Domanda: Qual è l’atteggiamento corretto nei confronti della morte?

Risposta: Penso che l’atteggiamento migliore sia quello di non pensare alla morte, ma piuttosto di credere che esistiamo all’infinito, in eterno. Dobbiamo assicurarci di raggiungere l’eternità e l’infinito, almeno parzialmente, in questa vita, nel nostro stato corporeo.
Dopotutto, durante la nostra vita esistiamo per rivelare la dazione e l’amore come mezzo per raggiungere l’eternità, la perfezione e il Creatore, la forza superiore che controlla tutto ciò. Il nostro progresso dovrebbe consistere in questo.
Nel pensare alla vita corporea e alla morte, metti alla prova te stesso, ti importa davvero di questo? Se lo fai, allora non stai ancora aspirando seriamente a qualità spirituali. Quando sei impegnato nella spiritualità, non ti interessa assolutamente nulla di ciò che accade al tuo corpo, sia esso vivo o no. Tu esisti e vuoi esistere nella qualità della dazione e dell’amore.

Domanda: Un kabbalista si preoccupa del suo corpo proteico? Attraverso esso, ci si mette in contatto con altre persone che non sono ancora nella spiritualità. Se egli non avesse avuto questo corpo, non sarebbe stato in grado di comunicare con i propri studenti.

Risposta: Sì, si prende cura del corpo ma in un senso minimo, che si chiama condizione “necessaria e sufficiente”.

Domanda: Un kabbalista pensa a cosa accadrà ai suoi studenti e alla sua famiglia dopo la sua morte?
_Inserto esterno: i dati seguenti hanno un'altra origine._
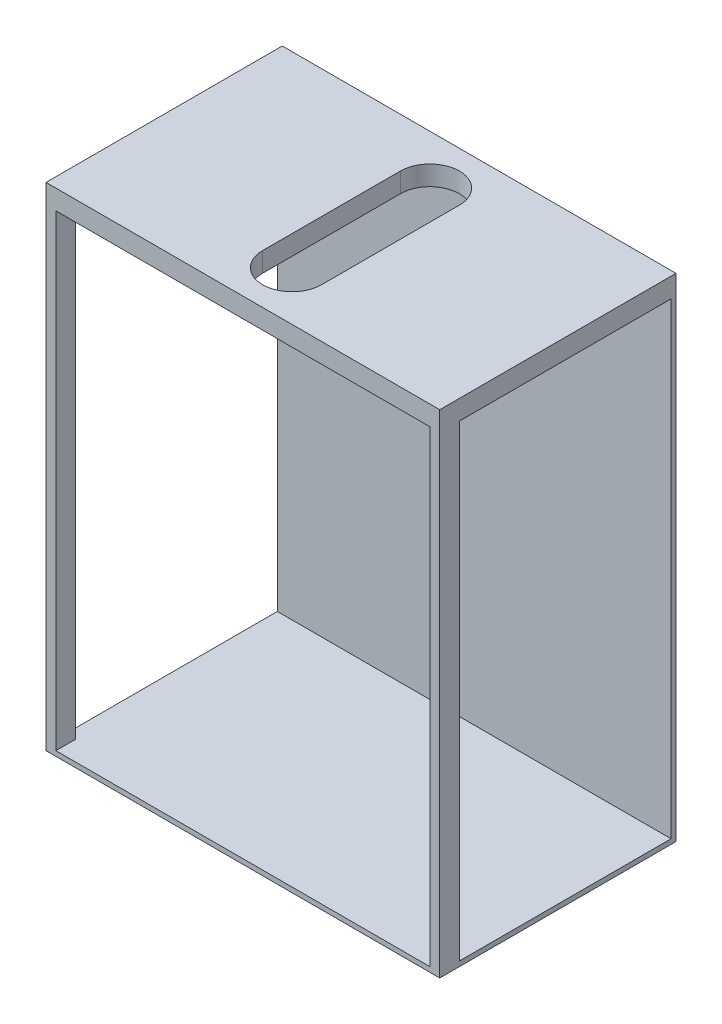
ISO-10303-21;
HEADER;
FILE_DESCRIPTION(('STEP AP214'),'2;1');
FILE_NAME('part.step','',(''),(''),'','','');
FILE_SCHEMA(('AUTOMOTIVE_DESIGN { 1 0 10303 214 1 1 1 1 }'));
ENDSEC;
DATA;
#1=APPLICATION_CONTEXT('core data for automotive mechanical design processes');
#2=APPLICATION_PROTOCOL_DEFINITION('international standard','automotive_design',2000,#1);
#3=PRODUCT_CONTEXT('',#1,'mechanical');
#4=PRODUCT('Part','Part','',(#3));
#5=PRODUCT_RELATED_PRODUCT_CATEGORY('part','',(#4));
#6=PRODUCT_DEFINITION_FORMATION('','',#4);
#7=PRODUCT_DEFINITION_CONTEXT('part definition',#1,'design');
#8=PRODUCT_DEFINITION('design','',#6,#7);
#9=PRODUCT_DEFINITION_SHAPE('','',#8);
#10=(LENGTH_UNIT() NAMED_UNIT(*) SI_UNIT(.MILLI.,.METRE.));
#11=(NAMED_UNIT(*) PLANE_ANGLE_UNIT() SI_UNIT($,.RADIAN.));
#12=(NAMED_UNIT(*) SI_UNIT($,.STERADIAN.) SOLID_ANGLE_UNIT());
#13=UNCERTAINTY_MEASURE_WITH_UNIT(LENGTH_MEASURE(1.E-05),#10,'distance_accuracy_value','');
#14=(GEOMETRIC_REPRESENTATION_CONTEXT(3) GLOBAL_UNCERTAINTY_ASSIGNED_CONTEXT((#13)) GLOBAL_UNIT_ASSIGNED_CONTEXT((#10,
#11,#12)) REPRESENTATION_CONTEXT('',''));
#15=CARTESIAN_POINT('',(0.,0.,0.));
#16=DIRECTION('',(0.,0.,1.));
#17=DIRECTION('',(1.,0.,0.));
#18=AXIS2_PLACEMENT_3D('',#15,#16,#17);
#19=CARTESIAN_POINT('',(0.,0.,6.35));
#20=DIRECTION('',(0.,0.,-1.));
#21=DIRECTION('',(-1.,0.,0.));
#22=AXIS2_PLACEMENT_3D('',#19,#20,#21);
#23=PLANE('',#22);
#24=DIRECTION('',(0.,1.,0.));
#25=VECTOR('',#24,1.);
#26=CARTESIAN_POINT('',(508.,0.,6.35));
#27=LINE('',#26,#25);
#28=CARTESIAN_POINT('',(508.,6.35,6.35));
#29=VERTEX_POINT('',#28);
#30=CARTESIAN_POINT('',(508.,609.6,6.35));
#31=VERTEX_POINT('',#30);
#32=EDGE_CURVE('E292',#29,#31,#27,.T.);
#33=ORIENTED_EDGE('',*,*,#32,.T.);
#34=DIRECTION('',(-1.,0.,0.));
#35=VECTOR('',#34,1.);
#36=CARTESIAN_POINT('',(12.7,609.6,6.35));
#37=LINE('',#36,#35);
#38=CARTESIAN_POINT('',(0.,609.6,6.35));
#39=VERTEX_POINT('',#38);
#40=EDGE_CURVE('E251',#31,#39,#37,.T.);
#41=ORIENTED_EDGE('',*,*,#40,.T.);
#42=DIRECTION('',(0.,-1.,0.));
#43=VECTOR('',#42,1.);
#44=CARTESIAN_POINT('',(0.,0.,6.35));
#45=LINE('',#44,#43);
#46=CARTESIAN_POINT('',(0.,6.35,6.35));
#47=VERTEX_POINT('',#46);
#48=EDGE_CURVE('E289',#39,#47,#45,.T.);
#49=ORIENTED_EDGE('',*,*,#48,.T.);
#50=DIRECTION('',(-1.,0.,0.));
#51=VECTOR('',#50,1.);
#52=CARTESIAN_POINT('',(0.,6.35,6.35));
#53=LINE('',#52,#51);
#54=EDGE_CURVE('E273',#29,#47,#53,.T.);
#55=ORIENTED_EDGE('',*,*,#54,.F.);
#56=EDGE_LOOP('',(#33,#41,#49,#55));
#57=FACE_BOUND('',#56,.T.);
#58=ADVANCED_FACE('F43',(#57),#23,.F.);
#59=CARTESIAN_POINT('',(12.7,0.,0.));
#60=DIRECTION('',(-1.,0.,0.));
#61=DIRECTION('',(0.,0.,1.));
#62=AXIS2_PLACEMENT_3D('',#59,#60,#61);
#63=PLANE('',#62);
#64=DIRECTION('',(0.,0.,-1.));
#65=VECTOR('',#64,1.);
#66=CARTESIAN_POINT('',(12.7,609.6,304.8));
#67=LINE('',#66,#65);
#68=CARTESIAN_POINT('',(12.7,609.6,304.8));
#69=VERTEX_POINT('',#68);
#70=CARTESIAN_POINT('',(12.7,609.6,279.4));
#71=VERTEX_POINT('',#70);
#72=EDGE_CURVE('E197',#69,#71,#67,.T.);
#73=ORIENTED_EDGE('',*,*,#72,.F.);
#74=DIRECTION('',(0.,-1.,0.));
#75=VECTOR('',#74,1.);
#76=CARTESIAN_POINT('',(12.7,6.35,304.8));
#77=LINE('',#76,#75);
#78=CARTESIAN_POINT('',(12.7,6.35,304.8));
#79=VERTEX_POINT('',#78);
#80=EDGE_CURVE('E239',#69,#79,#77,.T.);
#81=ORIENTED_EDGE('',*,*,#80,.T.);
#82=DIRECTION('',(0.,0.,-1.));
#83=VECTOR('',#82,1.);
#84=CARTESIAN_POINT('',(12.7,6.34999999999997,279.4));
#85=LINE('',#84,#83);
#86=CARTESIAN_POINT('',(12.7,6.35,279.4));
#87=VERTEX_POINT('',#86);
#88=EDGE_CURVE('E230',#79,#87,#85,.T.);
#89=ORIENTED_EDGE('',*,*,#88,.T.);
#90=DIRECTION('',(0.,1.,0.));
#91=VECTOR('',#90,1.);
#92=CARTESIAN_POINT('',(12.7,609.6,279.4));
#93=LINE('',#92,#91);
#94=EDGE_CURVE('E234',#87,#71,#93,.T.);
#95=ORIENTED_EDGE('',*,*,#94,.T.);
#96=EDGE_LOOP('',(#73,#81,#89,#95));
#97=FACE_BOUND('',#96,.T.);
#98=ADVANCED_FACE('F343',(#97),#63,.F.);
#99=CARTESIAN_POINT('',(495.3,0.,0.));
#100=DIRECTION('',(1.,0.,0.));
#101=DIRECTION('',(0.,0.,1.));
#102=AXIS2_PLACEMENT_3D('',#99,#100,#101);
#103=PLANE('',#102);
#104=DIRECTION('',(0.,0.,-1.));
#105=VECTOR('',#104,1.);
#106=CARTESIAN_POINT('',(495.3,609.6,304.8));
#107=LINE('',#106,#105);
#108=CARTESIAN_POINT('',(495.3,609.6,304.8));
#109=VERTEX_POINT('',#108);
#110=CARTESIAN_POINT('',(495.3,609.6,279.4));
#111=VERTEX_POINT('',#110);
#112=EDGE_CURVE('E200',#109,#111,#107,.T.);
#113=ORIENTED_EDGE('',*,*,#112,.T.);
#114=DIRECTION('',(0.,1.,0.));
#115=VECTOR('',#114,1.);
#116=CARTESIAN_POINT('',(495.3,609.6,279.4));
#117=LINE('',#116,#115);
#118=CARTESIAN_POINT('',(495.3,6.35,279.4));
#119=VERTEX_POINT('',#118);
#120=EDGE_CURVE('E213',#119,#111,#117,.T.);
#121=ORIENTED_EDGE('',*,*,#120,.F.);
#122=DIRECTION('',(0.,0.,-1.));
#123=VECTOR('',#122,1.);
#124=CARTESIAN_POINT('',(495.3,6.34999999999997,279.4));
#125=LINE('',#124,#123);
#126=CARTESIAN_POINT('',(495.3,6.35,304.8));
#127=VERTEX_POINT('',#126);
#128=EDGE_CURVE('E206',#127,#119,#125,.T.);
#129=ORIENTED_EDGE('',*,*,#128,.F.);
#130=DIRECTION('',(0.,-1.,0.));
#131=VECTOR('',#130,1.);
#132=CARTESIAN_POINT('',(495.3,6.35,304.8));
#133=LINE('',#132,#131);
#134=EDGE_CURVE('E209',#109,#127,#133,.T.);
#135=ORIENTED_EDGE('',*,*,#134,.F.);
#136=EDGE_LOOP('',(#113,#121,#129,#135));
#137=FACE_BOUND('',#136,.T.);
#138=ADVANCED_FACE('F349',(#137),#103,.F.);
#139=CARTESIAN_POINT('',(0.,6.35,0.));
#140=DIRECTION('',(0.,1.,0.));
#141=DIRECTION('',(0.,0.,1.));
#142=AXIS2_PLACEMENT_3D('',#139,#140,#141);
#143=PLANE('',#142);
#144=DIRECTION('',(1.,0.,0.));
#145=VECTOR('',#144,1.);
#146=CARTESIAN_POINT('',(495.3,6.34999999999997,279.4));
#147=LINE('',#146,#145);
#148=CARTESIAN_POINT('',(508.,6.35,279.4));
#149=VERTEX_POINT('',#148);
#150=EDGE_CURVE('E217',#119,#149,#147,.T.);
#151=ORIENTED_EDGE('',*,*,#150,.T.);
#152=DIRECTION('',(0.,0.,-1.));
#153=VECTOR('',#152,1.);
#154=CARTESIAN_POINT('',(508.,6.35,6.35));
#155=LINE('',#154,#153);
#156=EDGE_CURVE('E270',#149,#29,#155,.T.);
#157=ORIENTED_EDGE('',*,*,#156,.T.);
#158=ORIENTED_EDGE('',*,*,#54,.T.);
#159=DIRECTION('',(0.,0.,1.));
#160=VECTOR('',#159,1.);
#161=CARTESIAN_POINT('',(0.,6.35,6.35));
#162=LINE('',#161,#160);
#163=CARTESIAN_POINT('',(0.,6.35,279.4));
#164=VERTEX_POINT('',#163);
#165=EDGE_CURVE('E263',#47,#164,#162,.T.);
#166=ORIENTED_EDGE('',*,*,#165,.T.);
#167=DIRECTION('',(-1.,0.,0.));
#168=VECTOR('',#167,1.);
#169=CARTESIAN_POINT('',(12.7,6.34999999999997,279.4));
#170=LINE('',#169,#168);
#171=EDGE_CURVE('E258',#87,#164,#170,.T.);
#172=ORIENTED_EDGE('',*,*,#171,.F.);
#173=ORIENTED_EDGE('',*,*,#88,.F.);
#174=DIRECTION('',(1.,0.,0.));
#175=VECTOR('',#174,1.);
#176=CARTESIAN_POINT('',(0.,6.35,304.8));
#177=LINE('',#176,#175);
#178=EDGE_CURVE('E266',#79,#127,#177,.T.);
#179=ORIENTED_EDGE('',*,*,#178,.T.);
#180=ORIENTED_EDGE('',*,*,#128,.T.);
#181=EDGE_LOOP('',(#151,#157,#158,#166,#172,#173,#179,#180));
#182=FACE_BOUND('',#181,.T.);
#183=ADVANCED_FACE('F340',(#182),#143,.T.);
#184=CARTESIAN_POINT('',(0.,0.,6.35));
#185=DIRECTION('',(1.,0.,0.));
#186=DIRECTION('',(0.,0.,-1.));
#187=AXIS2_PLACEMENT_3D('',#184,#185,#186);
#188=PLANE('',#187);
#189=ORIENTED_EDGE('',*,*,#48,.F.);
#190=DIRECTION('',(0.,0.,-1.));
#191=VECTOR('',#190,1.);
#192=CARTESIAN_POINT('',(0.,609.6,6.35));
#193=LINE('',#192,#191);
#194=CARTESIAN_POINT('',(0.,609.6,279.4));
#195=VERTEX_POINT('',#194);
#196=EDGE_CURVE('E235',#195,#39,#193,.T.);
#197=ORIENTED_EDGE('',*,*,#196,.F.);
#198=DIRECTION('',(0.,1.,0.));
#199=VECTOR('',#198,1.);
#200=CARTESIAN_POINT('',(0.,609.6,279.4));
#201=LINE('',#200,#199);
#202=EDGE_CURVE('E229',#164,#195,#201,.T.);
#203=ORIENTED_EDGE('',*,*,#202,.F.);
#204=ORIENTED_EDGE('',*,*,#165,.F.);
#205=EDGE_LOOP('',(#189,#197,#203,#204));
#206=FACE_BOUND('',#205,.T.);
#207=DIRECTION('',(0.,-1.,0.));
#208=VECTOR('',#207,1.);
#209=CARTESIAN_POINT('',(0.,0.,0.));
#210=LINE('',#209,#208);
#211=CARTESIAN_POINT('',(0.,635.,0.));
#212=VERTEX_POINT('',#211);
#213=CARTESIAN_POINT('',(0.,0.,0.));
#214=VERTEX_POINT('',#213);
#215=EDGE_CURVE('E288',#212,#214,#210,.T.);
#216=ORIENTED_EDGE('',*,*,#215,.T.);
#217=DIRECTION('',(0.,0.,-1.));
#218=VECTOR('',#217,1.);
#219=CARTESIAN_POINT('',(0.,0.,6.35));
#220=LINE('',#219,#218);
#221=CARTESIAN_POINT('',(0.,0.,304.8));
#222=VERTEX_POINT('',#221);
#223=EDGE_CURVE('E11',#222,#214,#220,.T.);
#224=ORIENTED_EDGE('',*,*,#223,.F.);
#225=DIRECTION('',(0.,-1.,0.));
#226=VECTOR('',#225,1.);
#227=CARTESIAN_POINT('',(0.,6.35,304.8));
#228=LINE('',#227,#226);
#229=CARTESIAN_POINT('',(0.,635.,304.8));
#230=VERTEX_POINT('',#229);
#231=EDGE_CURVE('E284',#230,#222,#228,.T.);
#232=ORIENTED_EDGE('',*,*,#231,.F.);
#233=DIRECTION('',(0.,0.,-1.));
#234=VECTOR('',#233,1.);
#235=CARTESIAN_POINT('',(0.,635.,6.35));
#236=LINE('',#235,#234);
#237=EDGE_CURVE('E297',#230,#212,#236,.T.);
#238=ORIENTED_EDGE('',*,*,#237,.T.);
#239=EDGE_LOOP('',(#216,#224,#232,#238));
#240=FACE_BOUND('',#239,.T.);
#241=ADVANCED_FACE('F45',(#206,#240),#188,.F.);
#242=CARTESIAN_POINT('',(0.,0.,6.35));
#243=DIRECTION('',(0.,1.,0.));
#244=DIRECTION('',(0.,0.,1.));
#245=AXIS2_PLACEMENT_3D('',#242,#243,#244);
#246=PLANE('',#245);
#247=DIRECTION('',(1.,0.,0.));
#248=VECTOR('',#247,1.);
#249=CARTESIAN_POINT('',(0.,0.,0.));
#250=LINE('',#249,#248);
#251=CARTESIAN_POINT('',(508.,0.,0.));
#252=VERTEX_POINT('',#251);
#253=EDGE_CURVE('E301',#214,#252,#250,.T.);
#254=ORIENTED_EDGE('',*,*,#253,.T.);
#255=DIRECTION('',(0.,0.,-1.));
#256=VECTOR('',#255,1.);
#257=CARTESIAN_POINT('',(508.,0.,6.35));
#258=LINE('',#257,#256);
#259=CARTESIAN_POINT('',(508.,0.,304.8));
#260=VERTEX_POINT('',#259);
#261=EDGE_CURVE('E52',#260,#252,#258,.T.);
#262=ORIENTED_EDGE('',*,*,#261,.F.);
#263=DIRECTION('',(1.,0.,0.));
#264=VECTOR('',#263,1.);
#265=CARTESIAN_POINT('',(0.,0.,304.8));
#266=LINE('',#265,#264);
#267=EDGE_CURVE('E262',#222,#260,#266,.T.);
#268=ORIENTED_EDGE('',*,*,#267,.F.);
#269=ORIENTED_EDGE('',*,*,#223,.T.);
#270=EDGE_LOOP('',(#254,#262,#268,#269));
#271=FACE_BOUND('',#270,.T.);
#272=ADVANCED_FACE('F332',(#271),#246,.F.);
#273=CARTESIAN_POINT('',(508.,0.,6.35));
#274=DIRECTION('',(-1.,0.,0.));
#275=DIRECTION('',(0.,0.,1.));
#276=AXIS2_PLACEMENT_3D('',#273,#274,#275);
#277=PLANE('',#276);
#278=ORIENTED_EDGE('',*,*,#156,.F.);
#279=DIRECTION('',(0.,1.,0.));
#280=VECTOR('',#279,1.);
#281=CARTESIAN_POINT('',(508.,609.6,279.4));
#282=LINE('',#281,#280);
#283=CARTESIAN_POINT('',(508.,609.6,279.4));
#284=VERTEX_POINT('',#283);
#285=EDGE_CURVE('E210',#149,#284,#282,.T.);
#286=ORIENTED_EDGE('',*,*,#285,.T.);
#287=DIRECTION('',(0.,0.,-1.));
#288=VECTOR('',#287,1.);
#289=CARTESIAN_POINT('',(508.,609.6,6.35));
#290=LINE('',#289,#288);
#291=EDGE_CURVE('E203',#284,#31,#290,.T.);
#292=ORIENTED_EDGE('',*,*,#291,.T.);
#293=ORIENTED_EDGE('',*,*,#32,.F.);
#294=EDGE_LOOP('',(#278,#286,#292,#293));
#295=FACE_BOUND('',#294,.T.);
#296=DIRECTION('',(0.,1.,0.));
#297=VECTOR('',#296,1.);
#298=CARTESIAN_POINT('',(508.,0.,0.));
#299=LINE('',#298,#297);
#300=CARTESIAN_POINT('',(508.,635.,0.));
#301=VERTEX_POINT('',#300);
#302=EDGE_CURVE('E304',#252,#301,#299,.T.);
#303=ORIENTED_EDGE('',*,*,#302,.T.);
#304=DIRECTION('',(0.,0.,-1.));
#305=VECTOR('',#304,1.);
#306=CARTESIAN_POINT('',(508.,635.,6.35));
#307=LINE('',#306,#305);
#308=CARTESIAN_POINT('',(508.,635.,304.8));
#309=VERTEX_POINT('',#308);
#310=EDGE_CURVE('E312',#309,#301,#307,.T.);
#311=ORIENTED_EDGE('',*,*,#310,.F.);
#312=DIRECTION('',(0.,-1.,0.));
#313=VECTOR('',#312,1.);
#314=CARTESIAN_POINT('',(508.,6.35,304.8));
#315=LINE('',#314,#313);
#316=EDGE_CURVE('E277',#309,#260,#315,.T.);
#317=ORIENTED_EDGE('',*,*,#316,.T.);
#318=ORIENTED_EDGE('',*,*,#261,.T.);
#319=EDGE_LOOP('',(#303,#311,#317,#318));
#320=FACE_BOUND('',#319,.T.);
#321=ADVANCED_FACE('F319',(#295,#320),#277,.F.);
#322=CARTESIAN_POINT('',(0.,635.,6.35));
#323=DIRECTION('',(0.,-1.,0.));
#324=DIRECTION('',(0.,0.,-1.));
#325=AXIS2_PLACEMENT_3D('',#322,#323,#324);
#326=PLANE('',#325);
#327=DIRECTION('',(0.,0.,1.));
#328=VECTOR('',#327,1.);
#329=CARTESIAN_POINT('',(215.9,635.,63.5));
#330=LINE('',#329,#328);
#331=CARTESIAN_POINT('',(215.9,635.,63.5));
#332=VERTEX_POINT('',#331);
#333=CARTESIAN_POINT('',(215.9,635.,241.3));
#334=VERTEX_POINT('',#333);
#335=EDGE_CURVE('E170',#332,#334,#330,.T.);
#336=ORIENTED_EDGE('',*,*,#335,.F.);
#337=CARTESIAN_POINT('',(254.,635.,63.5));
#338=DIRECTION('',(0.,1.,0.));
#339=DIRECTION('',(0.,0.,1.));
#340=AXIS2_PLACEMENT_3D('',#337,#338,#339);
#341=CIRCLE('',#340,38.1000000000001);
#342=CARTESIAN_POINT('',(292.1,635.,63.5));
#343=VERTEX_POINT('',#342);
#344=EDGE_CURVE('E59',#343,#332,#341,.T.);
#345=ORIENTED_EDGE('',*,*,#344,.F.);
#346=DIRECTION('',(0.,0.,-1.));
#347=VECTOR('',#346,1.);
#348=CARTESIAN_POINT('',(292.1,635.,63.5));
#349=LINE('',#348,#347);
#350=CARTESIAN_POINT('',(292.1,635.,241.3));
#351=VERTEX_POINT('',#350);
#352=EDGE_CURVE('E178',#351,#343,#349,.T.);
#353=ORIENTED_EDGE('',*,*,#352,.F.);
#354=CARTESIAN_POINT('',(254.,635.,241.3));
#355=DIRECTION('',(0.,1.,0.));
#356=DIRECTION('',(0.,0.,1.));
#357=AXIS2_PLACEMENT_3D('',#354,#355,#356);
#358=CIRCLE('',#357,38.1000000000001);
#359=EDGE_CURVE('E160',#334,#351,#358,.T.);
#360=ORIENTED_EDGE('',*,*,#359,.F.);
#361=EDGE_LOOP('',(#336,#345,#353,#360));
#362=FACE_BOUND('',#361,.T.);
#363=DIRECTION('',(-1.,0.,0.));
#364=VECTOR('',#363,1.);
#365=CARTESIAN_POINT('',(12.7,635.,304.8));
#366=LINE('',#365,#364);
#367=EDGE_CURVE('E242',#309,#230,#366,.T.);
#368=ORIENTED_EDGE('',*,*,#367,.F.);
#369=ORIENTED_EDGE('',*,*,#310,.T.);
#370=DIRECTION('',(-1.,0.,0.));
#371=VECTOR('',#370,1.);
#372=CARTESIAN_POINT('',(0.,635.,0.));
#373=LINE('',#372,#371);
#374=EDGE_CURVE('E293',#301,#212,#373,.T.);
#375=ORIENTED_EDGE('',*,*,#374,.T.);
#376=ORIENTED_EDGE('',*,*,#237,.F.);
#377=EDGE_LOOP('',(#368,#369,#375,#376));
#378=FACE_BOUND('',#377,.T.);
#379=ADVANCED_FACE('F175',(#362,#378),#326,.F.);
#380=CARTESIAN_POINT('',(0.,0.,0.));
#381=DIRECTION('',(0.,0.,-1.));
#382=DIRECTION('',(-1.,0.,0.));
#383=AXIS2_PLACEMENT_3D('',#380,#381,#382);
#384=PLANE('',#383);
#385=ORIENTED_EDGE('',*,*,#215,.F.);
#386=ORIENTED_EDGE('',*,*,#374,.F.);
#387=ORIENTED_EDGE('',*,*,#302,.F.);
#388=ORIENTED_EDGE('',*,*,#253,.F.);
#389=EDGE_LOOP('',(#385,#386,#387,#388));
#390=FACE_BOUND('',#389,.T.);
#391=ADVANCED_FACE('F327',(#390),#384,.T.);
#392=CARTESIAN_POINT('',(0.,6.35,304.8));
#393=DIRECTION('',(0.,0.,-1.));
#394=DIRECTION('',(-1.,0.,0.));
#395=AXIS2_PLACEMENT_3D('',#392,#393,#394);
#396=PLANE('',#395);
#397=ORIENTED_EDGE('',*,*,#80,.F.);
#398=DIRECTION('',(-1.,0.,0.));
#399=VECTOR('',#398,1.);
#400=CARTESIAN_POINT('',(794.828900942797,609.6,304.8));
#401=LINE('',#400,#399);
#402=EDGE_CURVE('E195',#109,#69,#401,.T.);
#403=ORIENTED_EDGE('',*,*,#402,.F.);
#404=ORIENTED_EDGE('',*,*,#134,.T.);
#405=ORIENTED_EDGE('',*,*,#178,.F.);
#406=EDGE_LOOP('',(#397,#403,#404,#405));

Risposta: La famiglia è una normale preoccupazione corporea. Gli studenti, tuttavia, sono una cosa completamente diversa. Egli li deve preparare in modo che essi rimarranno con una buona riserva di conoscenze e di metodologie. È necessario organizzare un ambiente simile a un laboratorio in modo che possano mettersi alla prova e avanzare.
Domanda: Significa che un kabbalista ha paura della morte ma non in senso egoistico?

Risposta: Non è la paura della morte, ma il desiderio di lasciarsi alle spalle un mondo che è diretto al massimo verso l’obiettivo della creazione, e in nessun altro modo.

Cos’altro puoi lasciare? Non c’è nient’altro. Ci stiamo avvicinando allo stato in cui una persona inizia a capire che l’unico modo per lasciare qualcosa è sotto forma di buone azioni. Queste buone azioni sono registrate sul suo “conto” e rappresentano il principale guadagno della sua vita.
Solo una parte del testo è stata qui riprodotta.